哲吉冰冷的眼眸划过一丝品不明白的情绪。
“这样……求人吗?”
清冷的声音带着一丝疑问和戏弄。
桑棉看出他没有不高兴,便认真点了点头。
然后再次主动进攻。
哲吉没反抗,可也没进一步,只是配合。
她明显有种他在戏弄自己,好像在看她能‘求’到什么程度的意思。
她心一横,吻的专注又热烈,就像是在咬一颗冰冻过的梨,很冷,却很甜,很解渴。
下午,桑棉把手续办好,就捉摸着,怎么带他回去。
一个伤患,骑马很颠簸,恐怕不行。
她去了市场,找了一圈才找到一个愿意去噶尔县的马车,但要价居然要三块钱,贵的很离谱。
不等她犹豫,哲吉直接拉着她去市场里,买了一辆马车。
一辆车也才花了五块钱,马是他们自己的,倒是省下许多。
哲吉多给五毛钱让师傅把车装好。
又带着她去店里选了三个卡垫,还有一个便携式的小火炉,茶具等。
完全可以在车上自己煮茶来喝。
买完这些东西,他就把手里的钱都交给她。
分成了两沓。
一沓有二十块,另一沓只怕能有个两百块。
“二十块交给阿哥,家用,余下的两百块你收好。”
哲吉还特别交代她。
给她这么多钱?
“二十是这次在庄园看病的酬劳,两百……不当得利,只有你能用。
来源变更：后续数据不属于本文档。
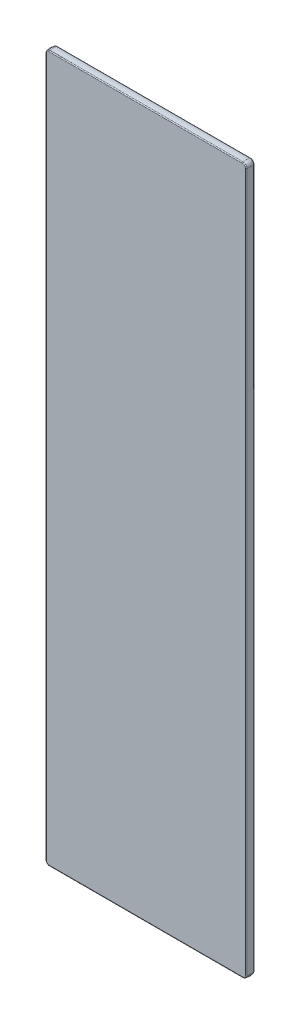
ISO-10303-21;
HEADER;
FILE_DESCRIPTION(('STEP AP214'),'2;1');
FILE_NAME('part.step','',(''),(''),'','','');
FILE_SCHEMA(('AUTOMOTIVE_DESIGN { 1 0 10303 214 1 1 1 1 }'));
ENDSEC;
DATA;
#1=APPLICATION_CONTEXT('core data for automotive mechanical design processes');
#2=APPLICATION_PROTOCOL_DEFINITION('international standard','automotive_design',2000,#1);
#3=PRODUCT_CONTEXT('',#1,'mechanical');
#4=PRODUCT('Part','Part','',(#3));
#5=PRODUCT_RELATED_PRODUCT_CATEGORY('part','',(#4));
#6=PRODUCT_DEFINITION_FORMATION('','',#4);
#7=PRODUCT_DEFINITION_CONTEXT('part definition',#1,'design');
#8=PRODUCT_DEFINITION('design','',#6,#7);
#9=PRODUCT_DEFINITION_SHAPE('','',#8);
#10=(LENGTH_UNIT() NAMED_UNIT(*) SI_UNIT(.MILLI.,.METRE.));
#11=(NAMED_UNIT(*) PLANE_ANGLE_UNIT() SI_UNIT($,.RADIAN.));
#12=(NAMED_UNIT(*) SI_UNIT($,.STERADIAN.) SOLID_ANGLE_UNIT());
#13=UNCERTAINTY_MEASURE_WITH_UNIT(LENGTH_MEASURE(1.E-05),#10,'distance_accuracy_value','');
#14=(GEOMETRIC_REPRESENTATION_CONTEXT(3) GLOBAL_UNCERTAINTY_ASSIGNED_CONTEXT((#13)) GLOBAL_UNIT_ASSIGNED_CONTEXT((#10,
#11,#12)) REPRESENTATION_CONTEXT('',''));
#15=CARTESIAN_POINT('',(0.,0.,0.));
#16=DIRECTION('',(0.,0.,1.));
#17=DIRECTION('',(1.,0.,0.));
#18=AXIS2_PLACEMENT_3D('',#15,#16,#17);
#19=CARTESIAN_POINT('',(247.499471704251,-322.171583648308,261.128082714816));
#20=DIRECTION('',(3.16923956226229E-08,-3.73783141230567E-09,-1.));
#21=DIRECTION('',(-0.999999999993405,3.63158778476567E-06,-3.16924091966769E-08));
#22=AXIS2_PLACEMENT_3D('',#19,#20,#21);
#23=PLANE('',#22);
#24=CARTESIAN_POINT('',(200.000100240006,-149.096855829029,261.128080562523));
#25=CARTESIAN_POINT('',(199.749756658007,-149.096854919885,261.128080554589));
#26=CARTESIAN_POINT('',(199.500266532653,-149.15574160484,261.128080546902));
#27=CARTESIAN_POINT('',(199.269562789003,-149.27349976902,261.128080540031));
#28=CARTESIAN_POINT('',(198.94562818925,-149.552758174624,261.128080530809));
#29=CARTESIAN_POINT('',(198.753983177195,-149.927429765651,261.128080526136));
#30=CARTESIAN_POINT('',(198.701652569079,-150.088383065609,261.128080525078));
#31=CARTESIAN_POINT('',(198.675540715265,-150.254705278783,261.128080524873));
#32=CARTESIAN_POINT('',(198.675540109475,-150.421406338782,261.128080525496));
#33=B_SPLINE_CURVE_WITH_KNOTS('',5,(#24,#25,#26,#27,#28,#29,#30,#31,#32),.UNSPECIFIED.,.F.,.F.,
(6,3,6),(0.,0.600280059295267,1.),.UNSPECIFIED.);
#34=CARTESIAN_POINT('',(200.000100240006,-149.096855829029,261.128080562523));
#35=VERTEX_POINT('',#34);
#36=CARTESIAN_POINT('',(198.675540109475,-150.421406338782,261.128080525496));
#37=VERTEX_POINT('',#36);
#38=EDGE_CURVE('E241',#35,#37,#33,.T.);
#39=ORIENTED_EDGE('',*,*,#38,.F.);
#40=DIRECTION('',(-0.999999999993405,3.63158778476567E-06,-3.16924091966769E-08));
#41=VECTOR('',#40,1.);
#42=CARTESIAN_POINT('',(247.500100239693,-149.097028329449,261.128082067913));
#43=LINE('',#42,#41);
#44=CARTESIAN_POINT('',(295.000100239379,-149.097200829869,261.128083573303));
#45=VERTEX_POINT('',#44);
#46=EDGE_CURVE('E37',#45,#35,#43,.T.);
#47=ORIENTED_EDGE('',*,*,#46,.F.);
#48=CARTESIAN_POINT('',(296.324650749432,-150.421760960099,261.128083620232));
#49=CARTESIAN_POINT('',(296.324651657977,-150.1714173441,261.128083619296));
#50=CARTESIAN_POINT('',(296.265764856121,-149.921927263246,261.128083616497));
#51=CARTESIAN_POINT('',(296.148006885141,-149.691223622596,261.128083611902));
#52=CARTESIAN_POINT('',(295.868748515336,-149.367288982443,261.128083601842));
#53=CARTESIAN_POINT('',(295.49407684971,-149.175643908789,261.128083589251));
#54=CARTESIAN_POINT('',(295.333123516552,-149.123313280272,261.128083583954));
#55=CARTESIAN_POINT('',(295.166801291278,-149.097201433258,261.128083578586));
#56=CARTESIAN_POINT('',(295.000100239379,-149.097200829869,261.128083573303));
#57=B_SPLINE_CURVE_WITH_KNOTS('',5,(#48,#49,#50,#51,#52,#53,#54,#55,#56),.UNSPECIFIED.,.F.,.F.,
(6,3,6),(0.,0.600280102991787,1.),.UNSPECIFIED.);
#58=CARTESIAN_POINT('',(296.324650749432,-150.421760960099,261.128083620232));
#59=VERTEX_POINT('',#58);
#60=EDGE_CURVE('E176',#59,#45,#57,.T.);
#61=ORIENTED_EDGE('',*,*,#60,.F.);
#62=DIRECTION('',(3.63158778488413E-06,0.999999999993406,-3.73771631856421E-09));
#63=VECTOR('',#62,1.);
#64=CARTESIAN_POINT('',(296.32402702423,-322.171760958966,261.128084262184));
#65=LINE('',#64,#63);
#66=CARTESIAN_POINT('',(296.323403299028,-493.921760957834,261.128084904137));
#67=VERTEX_POINT('',#66);
#68=EDGE_CURVE('E211',#67,#59,#65,.T.);
#69=ORIENTED_EDGE('',*,*,#68,.F.);
#70=CARTESIAN_POINT('',(294.998843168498,-495.246311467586,261.128084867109));
#71=CARTESIAN_POINT('',(295.249186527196,-495.24631237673,261.128084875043));
#72=CARTESIAN_POINT('',(295.498676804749,-495.187425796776,261.12808488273));
#73=CARTESIAN_POINT('',(295.729380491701,-495.069667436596,261.128084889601));
#74=CARTESIAN_POINT('',(296.053314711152,-494.790409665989,261.128084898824));
#75=CARTESIAN_POINT('',(296.244960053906,-494.415738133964,261.128084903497));
#76=CARTESIAN_POINT('',(296.297290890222,-494.254784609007,261.128084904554));
#77=CARTESIAN_POINT('',(296.323402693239,-494.088461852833,261.12808490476));
#78=CARTESIAN_POINT('',(296.323403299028,-493.921760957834,261.128084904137));
#79=B_SPLINE_CURVE_WITH_KNOTS('',5,(#70,#71,#72,#73,#74,#75,#76,#77,#78),.UNSPECIFIED.,.F.,.F.,
(6,3,6),(0.,0.600280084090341,1.),.UNSPECIFIED.);
#80=CARTESIAN_POINT('',(294.998843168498,-495.246311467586,261.128084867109));
#81=VERTEX_POINT('',#80);
#82=EDGE_CURVE('E175',#81,#67,#79,.T.);
#83=ORIENTED_EDGE('',*,*,#82,.F.);
#84=DIRECTION('',(0.999999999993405,-3.63158778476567E-06,3.16924091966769E-08));
#85=VECTOR('',#84,1.);
#86=CARTESIAN_POINT('',(247.49884316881,-495.246138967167,261.12808336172));
#87=LINE('',#86,#85);
#88=CARTESIAN_POINT('',(199.998843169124,-495.245966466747,261.128081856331));
#89=VERTEX_POINT('',#88);
#90=EDGE_CURVE('E215',#89,#81,#87,.T.);
#91=ORIENTED_EDGE('',*,*,#90,.F.);
#92=CARTESIAN_POINT('',(198.674292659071,-493.921406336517,261.128081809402));
#93=CARTESIAN_POINT('',(198.674291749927,-494.171749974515,261.128081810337));
#94=CARTESIAN_POINT('',(198.733178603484,-494.421239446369,261.128081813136));
#95=CARTESIAN_POINT('',(198.850936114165,-494.651942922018,261.128081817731));
#96=CARTESIAN_POINT('',(199.13019396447,-494.975877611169,261.128081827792));
#97=CARTESIAN_POINT('',(199.504865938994,-495.167523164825,261.128081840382));
#98=CARTESIAN_POINT('',(199.665819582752,-495.219854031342,261.128081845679));
#99=CARTESIAN_POINT('',(199.832142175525,-495.245965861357,261.128081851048));
#100=CARTESIAN_POINT('',(199.998843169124,-495.245966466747,261.128081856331));
#101=B_SPLINE_CURVE_WITH_KNOTS('',5,(#92,#93,#94,#95,#96,#97,#98,#99,#100),.UNSPECIFIED.,.F.,
.F.,(6,3,6),(0.,0.600280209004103,1.),.UNSPECIFIED.);
#102=CARTESIAN_POINT('',(198.674292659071,-493.921406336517,261.128081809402));
#103=VERTEX_POINT('',#102);
#104=EDGE_CURVE('E233',#103,#89,#101,.T.);
#105=ORIENTED_EDGE('',*,*,#104,.F.);
#106=DIRECTION('',(-3.63158778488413E-06,-0.999999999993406,3.73771631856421E-09));
#107=VECTOR('',#106,1.);
#108=CARTESIAN_POINT('',(198.674915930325,-322.296406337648,261.128081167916));
#109=LINE('',#108,#107);
#110=CARTESIAN_POINT('',(198.675539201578,-150.67140633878,261.12808052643));
#111=VERTEX_POINT('',#110);
#112=EDGE_CURVE('E219',#111,#103,#109,.T.);
#113=ORIENTED_EDGE('',*,*,#112,.F.);
#114=DIRECTION('',(-3.63158778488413E-06,-0.999999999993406,3.73771631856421E-09));
#115=VECTOR('',#114,1.);
#116=CARTESIAN_POINT('',(198.675539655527,-150.546406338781,261.128080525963));
#117=LINE('',#116,#115);
#118=EDGE_CURVE('E223',#37,#111,#117,.T.);
#119=ORIENTED_EDGE('',*,*,#118,.F.);
#120=EDGE_LOOP('',(#39,#47,#61,#69,#83,#91,#105,#113,#119));
#121=FACE_BOUND('',#120,.T.);
#122=ADVANCED_FACE('F17',(#121),#23,.T.);
#123=CARTESIAN_POINT('',(247.499471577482,-322.171583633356,265.128082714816));
#124=DIRECTION('',(3.16923956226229E-08,-3.73783141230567E-09,-1.));
#125=DIRECTION('',(-0.999999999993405,3.63158778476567E-06,-3.16924091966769E-08));
#126=AXIS2_PLACEMENT_3D('',#123,#124,#125);
#127=PLANE('',#126);
#128=DIRECTION('',(-3.63158778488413E-06,-0.999999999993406,3.73771631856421E-09));
#129=VECTOR('',#128,1.);
#130=CARTESIAN_POINT('',(198.675539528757,-150.546406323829,265.128080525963));
#131=LINE('',#130,#129);
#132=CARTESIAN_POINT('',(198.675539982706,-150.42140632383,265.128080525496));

”
哲吉轻笑着,眼里又带上了不怀好意的邪笑。
不当得利这四个字,让桑棉的手轻轻一颤。
这家伙,可真会分配。
这些日子的相处,让桑棉知道了一件很重要的事情。
家里很穷,可是哲吉并不缺钱花,但他没有把这些钱都给家里。
可哲吉不是个小气的人。
所以他赚来的钱,也分的清清楚楚。
干净的给家里,不干净的,随意挥霍。
不过桑棉倒是收的心安理得。
随后她又买了些食物,能在路上车。
等马车弄好,两人驾着车,去医院接阿望。